MATERIAL FOR THE TASK -
■ ■ ■

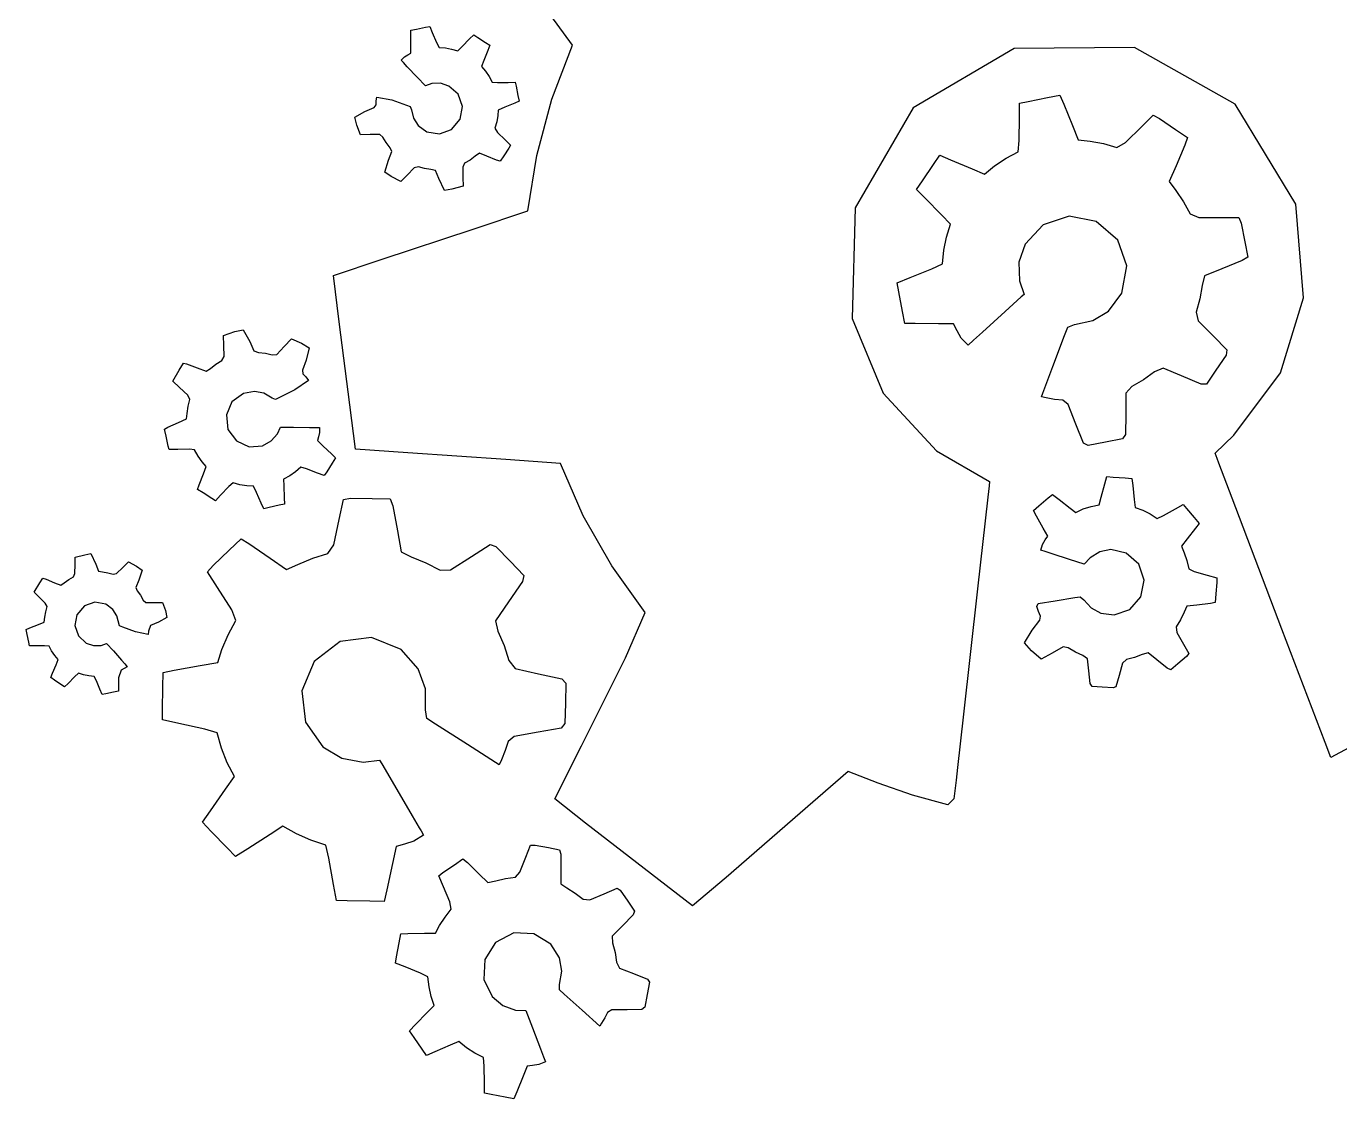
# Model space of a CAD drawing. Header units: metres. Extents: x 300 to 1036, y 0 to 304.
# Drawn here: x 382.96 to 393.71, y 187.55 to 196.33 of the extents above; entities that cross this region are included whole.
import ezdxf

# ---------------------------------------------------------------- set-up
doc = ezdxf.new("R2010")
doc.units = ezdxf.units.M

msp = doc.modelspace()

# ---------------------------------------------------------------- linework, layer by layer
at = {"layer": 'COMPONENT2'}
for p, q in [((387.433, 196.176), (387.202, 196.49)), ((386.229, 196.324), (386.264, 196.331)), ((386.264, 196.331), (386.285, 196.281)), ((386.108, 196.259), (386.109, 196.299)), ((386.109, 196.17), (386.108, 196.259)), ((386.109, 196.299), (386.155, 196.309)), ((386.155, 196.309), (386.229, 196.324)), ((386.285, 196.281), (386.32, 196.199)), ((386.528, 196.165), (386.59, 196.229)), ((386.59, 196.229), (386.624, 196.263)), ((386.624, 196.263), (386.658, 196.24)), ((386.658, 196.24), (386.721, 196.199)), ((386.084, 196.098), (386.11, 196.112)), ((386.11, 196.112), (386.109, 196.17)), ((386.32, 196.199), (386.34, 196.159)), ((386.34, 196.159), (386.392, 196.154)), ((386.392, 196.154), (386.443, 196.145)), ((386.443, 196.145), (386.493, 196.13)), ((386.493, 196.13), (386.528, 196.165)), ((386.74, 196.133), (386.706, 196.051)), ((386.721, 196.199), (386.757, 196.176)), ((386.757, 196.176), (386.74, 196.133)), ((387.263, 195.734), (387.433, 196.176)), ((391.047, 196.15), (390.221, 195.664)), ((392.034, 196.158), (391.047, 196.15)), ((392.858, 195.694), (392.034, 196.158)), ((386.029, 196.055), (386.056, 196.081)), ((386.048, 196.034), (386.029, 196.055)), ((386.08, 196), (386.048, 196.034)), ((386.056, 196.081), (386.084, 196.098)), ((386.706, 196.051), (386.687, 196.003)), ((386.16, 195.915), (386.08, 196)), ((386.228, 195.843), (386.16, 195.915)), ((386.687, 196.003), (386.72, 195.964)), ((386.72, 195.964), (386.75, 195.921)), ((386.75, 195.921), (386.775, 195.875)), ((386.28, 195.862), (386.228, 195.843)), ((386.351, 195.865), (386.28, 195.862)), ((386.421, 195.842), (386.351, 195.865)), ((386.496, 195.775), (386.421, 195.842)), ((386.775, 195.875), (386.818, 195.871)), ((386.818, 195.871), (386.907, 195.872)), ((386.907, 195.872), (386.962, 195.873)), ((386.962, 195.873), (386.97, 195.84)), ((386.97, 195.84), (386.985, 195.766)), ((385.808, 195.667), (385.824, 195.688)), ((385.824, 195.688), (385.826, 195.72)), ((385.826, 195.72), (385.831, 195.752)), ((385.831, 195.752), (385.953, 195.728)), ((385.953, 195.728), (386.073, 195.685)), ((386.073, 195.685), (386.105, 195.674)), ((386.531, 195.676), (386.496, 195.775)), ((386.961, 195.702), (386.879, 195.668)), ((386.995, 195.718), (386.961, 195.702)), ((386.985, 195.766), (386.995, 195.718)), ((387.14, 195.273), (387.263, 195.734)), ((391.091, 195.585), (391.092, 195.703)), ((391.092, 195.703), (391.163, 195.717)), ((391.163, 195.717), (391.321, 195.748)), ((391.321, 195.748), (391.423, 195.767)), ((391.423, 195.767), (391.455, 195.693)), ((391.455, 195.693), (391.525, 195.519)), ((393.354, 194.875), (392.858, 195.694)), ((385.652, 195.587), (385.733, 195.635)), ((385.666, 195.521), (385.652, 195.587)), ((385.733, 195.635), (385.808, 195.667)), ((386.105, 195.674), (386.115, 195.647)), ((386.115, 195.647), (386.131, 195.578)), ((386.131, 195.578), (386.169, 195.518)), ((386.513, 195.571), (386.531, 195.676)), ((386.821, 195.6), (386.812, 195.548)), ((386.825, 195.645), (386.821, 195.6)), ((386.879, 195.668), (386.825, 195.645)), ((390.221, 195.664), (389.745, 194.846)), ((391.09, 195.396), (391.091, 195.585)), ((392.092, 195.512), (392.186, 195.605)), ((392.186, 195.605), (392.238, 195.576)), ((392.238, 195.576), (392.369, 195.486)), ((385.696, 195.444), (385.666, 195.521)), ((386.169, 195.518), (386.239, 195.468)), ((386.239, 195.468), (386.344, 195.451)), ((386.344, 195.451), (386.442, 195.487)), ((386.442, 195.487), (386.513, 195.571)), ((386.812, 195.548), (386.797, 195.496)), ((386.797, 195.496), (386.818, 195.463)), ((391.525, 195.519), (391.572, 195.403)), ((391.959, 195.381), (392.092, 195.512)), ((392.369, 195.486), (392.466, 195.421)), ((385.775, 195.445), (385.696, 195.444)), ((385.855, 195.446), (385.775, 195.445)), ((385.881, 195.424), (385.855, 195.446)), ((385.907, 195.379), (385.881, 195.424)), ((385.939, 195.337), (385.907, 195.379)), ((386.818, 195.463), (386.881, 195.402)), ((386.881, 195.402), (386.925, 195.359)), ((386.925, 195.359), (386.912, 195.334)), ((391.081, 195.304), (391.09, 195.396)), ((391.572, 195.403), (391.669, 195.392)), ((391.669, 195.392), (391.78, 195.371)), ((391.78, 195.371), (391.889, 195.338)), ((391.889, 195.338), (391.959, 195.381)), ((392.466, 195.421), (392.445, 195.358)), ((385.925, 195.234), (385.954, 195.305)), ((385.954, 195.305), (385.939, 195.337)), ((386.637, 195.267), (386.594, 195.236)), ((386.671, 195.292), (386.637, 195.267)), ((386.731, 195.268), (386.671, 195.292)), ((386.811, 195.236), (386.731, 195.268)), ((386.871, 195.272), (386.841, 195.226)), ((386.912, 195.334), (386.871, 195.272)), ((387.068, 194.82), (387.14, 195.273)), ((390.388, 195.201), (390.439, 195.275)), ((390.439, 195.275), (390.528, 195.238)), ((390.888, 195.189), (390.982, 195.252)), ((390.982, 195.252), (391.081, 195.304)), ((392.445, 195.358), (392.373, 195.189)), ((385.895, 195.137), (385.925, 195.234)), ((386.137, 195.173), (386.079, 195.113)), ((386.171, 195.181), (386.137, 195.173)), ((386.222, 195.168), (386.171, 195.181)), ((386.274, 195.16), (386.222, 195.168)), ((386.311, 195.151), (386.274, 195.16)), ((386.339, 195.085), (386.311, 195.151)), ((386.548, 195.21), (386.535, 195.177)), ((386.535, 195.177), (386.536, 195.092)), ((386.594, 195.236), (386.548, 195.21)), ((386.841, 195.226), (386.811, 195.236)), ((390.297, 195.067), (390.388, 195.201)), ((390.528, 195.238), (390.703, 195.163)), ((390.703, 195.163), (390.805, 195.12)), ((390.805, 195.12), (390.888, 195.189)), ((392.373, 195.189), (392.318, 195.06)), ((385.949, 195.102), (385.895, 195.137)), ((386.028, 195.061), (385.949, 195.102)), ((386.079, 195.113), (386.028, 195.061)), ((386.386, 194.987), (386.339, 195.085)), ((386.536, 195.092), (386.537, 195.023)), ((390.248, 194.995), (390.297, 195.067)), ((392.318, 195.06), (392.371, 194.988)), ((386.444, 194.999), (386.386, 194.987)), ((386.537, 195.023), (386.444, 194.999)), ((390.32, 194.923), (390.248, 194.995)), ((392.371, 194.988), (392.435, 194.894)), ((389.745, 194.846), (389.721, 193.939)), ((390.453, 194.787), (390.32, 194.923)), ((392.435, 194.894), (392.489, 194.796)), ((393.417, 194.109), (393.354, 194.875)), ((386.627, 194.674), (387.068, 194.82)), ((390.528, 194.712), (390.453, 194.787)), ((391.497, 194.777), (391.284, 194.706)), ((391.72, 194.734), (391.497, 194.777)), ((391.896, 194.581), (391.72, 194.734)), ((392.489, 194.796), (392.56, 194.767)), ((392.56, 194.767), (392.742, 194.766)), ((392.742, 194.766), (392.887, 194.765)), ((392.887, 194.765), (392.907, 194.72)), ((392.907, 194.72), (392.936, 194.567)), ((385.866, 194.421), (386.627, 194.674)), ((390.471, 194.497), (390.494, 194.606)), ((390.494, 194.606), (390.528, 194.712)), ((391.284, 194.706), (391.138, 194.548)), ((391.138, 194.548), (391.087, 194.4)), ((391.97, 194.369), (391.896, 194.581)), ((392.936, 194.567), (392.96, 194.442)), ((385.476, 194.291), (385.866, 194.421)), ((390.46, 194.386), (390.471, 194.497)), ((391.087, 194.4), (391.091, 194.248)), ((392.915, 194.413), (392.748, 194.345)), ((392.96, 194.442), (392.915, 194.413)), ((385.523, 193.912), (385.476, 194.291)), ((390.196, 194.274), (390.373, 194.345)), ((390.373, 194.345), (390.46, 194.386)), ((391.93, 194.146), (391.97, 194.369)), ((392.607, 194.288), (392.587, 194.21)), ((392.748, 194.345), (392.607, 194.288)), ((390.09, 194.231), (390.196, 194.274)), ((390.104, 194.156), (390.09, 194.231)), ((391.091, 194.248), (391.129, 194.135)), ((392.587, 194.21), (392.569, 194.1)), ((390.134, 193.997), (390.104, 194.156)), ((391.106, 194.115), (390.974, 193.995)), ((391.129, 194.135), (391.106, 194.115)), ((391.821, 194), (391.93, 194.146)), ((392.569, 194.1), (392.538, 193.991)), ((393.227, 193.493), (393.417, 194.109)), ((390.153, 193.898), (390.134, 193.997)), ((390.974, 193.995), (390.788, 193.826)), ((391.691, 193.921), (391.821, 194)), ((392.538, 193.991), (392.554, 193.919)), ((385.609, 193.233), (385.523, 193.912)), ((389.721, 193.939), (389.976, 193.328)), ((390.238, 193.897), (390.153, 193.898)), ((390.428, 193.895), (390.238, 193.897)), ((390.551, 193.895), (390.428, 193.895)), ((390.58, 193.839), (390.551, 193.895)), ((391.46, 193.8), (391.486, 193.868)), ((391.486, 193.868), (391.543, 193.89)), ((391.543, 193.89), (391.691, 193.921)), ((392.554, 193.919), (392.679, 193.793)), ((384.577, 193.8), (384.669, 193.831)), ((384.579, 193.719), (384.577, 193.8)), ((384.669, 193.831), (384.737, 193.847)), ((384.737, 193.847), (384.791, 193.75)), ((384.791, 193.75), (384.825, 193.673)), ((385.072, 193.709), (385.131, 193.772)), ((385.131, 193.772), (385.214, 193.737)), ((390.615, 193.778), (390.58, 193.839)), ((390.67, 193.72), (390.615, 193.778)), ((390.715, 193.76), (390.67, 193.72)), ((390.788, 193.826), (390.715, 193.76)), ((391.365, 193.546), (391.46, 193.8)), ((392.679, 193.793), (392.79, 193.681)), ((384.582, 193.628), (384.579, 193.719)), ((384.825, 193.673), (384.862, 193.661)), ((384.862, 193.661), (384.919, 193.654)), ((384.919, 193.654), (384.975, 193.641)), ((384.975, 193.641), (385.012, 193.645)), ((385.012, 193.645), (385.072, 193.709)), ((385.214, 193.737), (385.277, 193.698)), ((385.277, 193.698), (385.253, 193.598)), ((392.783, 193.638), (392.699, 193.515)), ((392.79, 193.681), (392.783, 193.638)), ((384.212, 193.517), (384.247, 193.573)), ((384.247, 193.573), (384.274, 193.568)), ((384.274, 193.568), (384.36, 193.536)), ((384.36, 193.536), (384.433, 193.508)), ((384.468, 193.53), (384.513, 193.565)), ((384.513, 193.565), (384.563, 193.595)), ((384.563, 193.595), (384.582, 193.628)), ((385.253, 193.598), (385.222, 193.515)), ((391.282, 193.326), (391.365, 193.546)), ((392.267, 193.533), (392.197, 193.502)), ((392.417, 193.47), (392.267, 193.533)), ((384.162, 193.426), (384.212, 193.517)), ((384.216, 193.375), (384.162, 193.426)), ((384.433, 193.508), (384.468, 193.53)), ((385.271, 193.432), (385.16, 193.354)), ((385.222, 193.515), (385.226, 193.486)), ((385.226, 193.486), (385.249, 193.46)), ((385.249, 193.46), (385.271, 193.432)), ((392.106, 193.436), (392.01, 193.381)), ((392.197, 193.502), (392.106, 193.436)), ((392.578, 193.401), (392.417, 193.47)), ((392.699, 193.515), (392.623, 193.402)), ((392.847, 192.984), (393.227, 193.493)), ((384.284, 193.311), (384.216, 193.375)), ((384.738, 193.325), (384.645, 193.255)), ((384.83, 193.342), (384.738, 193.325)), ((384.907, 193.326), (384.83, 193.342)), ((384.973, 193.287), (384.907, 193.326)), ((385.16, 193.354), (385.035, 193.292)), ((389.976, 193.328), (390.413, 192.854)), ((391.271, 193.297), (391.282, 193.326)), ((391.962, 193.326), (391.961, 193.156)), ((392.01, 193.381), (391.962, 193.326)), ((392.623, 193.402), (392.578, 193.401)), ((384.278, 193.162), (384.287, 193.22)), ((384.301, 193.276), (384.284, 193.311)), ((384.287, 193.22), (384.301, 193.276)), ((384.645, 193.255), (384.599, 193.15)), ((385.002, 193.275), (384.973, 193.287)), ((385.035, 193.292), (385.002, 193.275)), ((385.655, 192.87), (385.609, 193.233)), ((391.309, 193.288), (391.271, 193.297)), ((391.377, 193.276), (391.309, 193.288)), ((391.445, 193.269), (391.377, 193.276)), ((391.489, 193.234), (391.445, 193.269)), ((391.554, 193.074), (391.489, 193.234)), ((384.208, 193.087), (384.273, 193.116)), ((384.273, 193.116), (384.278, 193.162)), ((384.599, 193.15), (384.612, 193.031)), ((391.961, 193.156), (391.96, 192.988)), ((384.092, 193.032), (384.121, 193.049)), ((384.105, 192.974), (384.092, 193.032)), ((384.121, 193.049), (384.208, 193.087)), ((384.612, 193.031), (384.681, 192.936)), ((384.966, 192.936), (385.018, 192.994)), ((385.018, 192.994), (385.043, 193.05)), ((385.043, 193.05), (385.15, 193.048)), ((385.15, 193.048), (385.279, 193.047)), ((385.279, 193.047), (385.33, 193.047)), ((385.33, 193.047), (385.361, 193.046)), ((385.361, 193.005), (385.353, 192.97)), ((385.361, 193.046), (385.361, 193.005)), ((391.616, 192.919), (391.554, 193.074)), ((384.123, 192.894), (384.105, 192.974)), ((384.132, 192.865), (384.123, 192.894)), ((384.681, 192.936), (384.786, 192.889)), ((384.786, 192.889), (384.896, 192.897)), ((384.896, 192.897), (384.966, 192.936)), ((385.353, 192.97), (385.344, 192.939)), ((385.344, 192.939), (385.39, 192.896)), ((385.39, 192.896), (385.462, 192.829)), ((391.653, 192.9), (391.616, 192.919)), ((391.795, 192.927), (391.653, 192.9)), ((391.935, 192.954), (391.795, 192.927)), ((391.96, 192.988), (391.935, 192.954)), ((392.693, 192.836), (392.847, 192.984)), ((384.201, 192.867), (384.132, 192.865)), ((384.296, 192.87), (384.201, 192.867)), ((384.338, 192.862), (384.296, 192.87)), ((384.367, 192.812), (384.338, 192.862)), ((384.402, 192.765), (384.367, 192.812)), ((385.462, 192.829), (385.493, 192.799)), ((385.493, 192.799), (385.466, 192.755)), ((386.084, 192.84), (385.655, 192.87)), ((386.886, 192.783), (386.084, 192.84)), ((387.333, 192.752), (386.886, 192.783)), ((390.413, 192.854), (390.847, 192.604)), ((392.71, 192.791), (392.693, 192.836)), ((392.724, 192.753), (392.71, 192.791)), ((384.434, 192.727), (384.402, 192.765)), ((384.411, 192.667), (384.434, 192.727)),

■ ■ ■

YOUR OBJECTIVE - In the listing above, find each line with the word "layer" and return it.

SOLVED PROBLEM -
# ---------------------------------------------------------------- linework, layer by layer
at = {"layer": 'COMPONENT2'}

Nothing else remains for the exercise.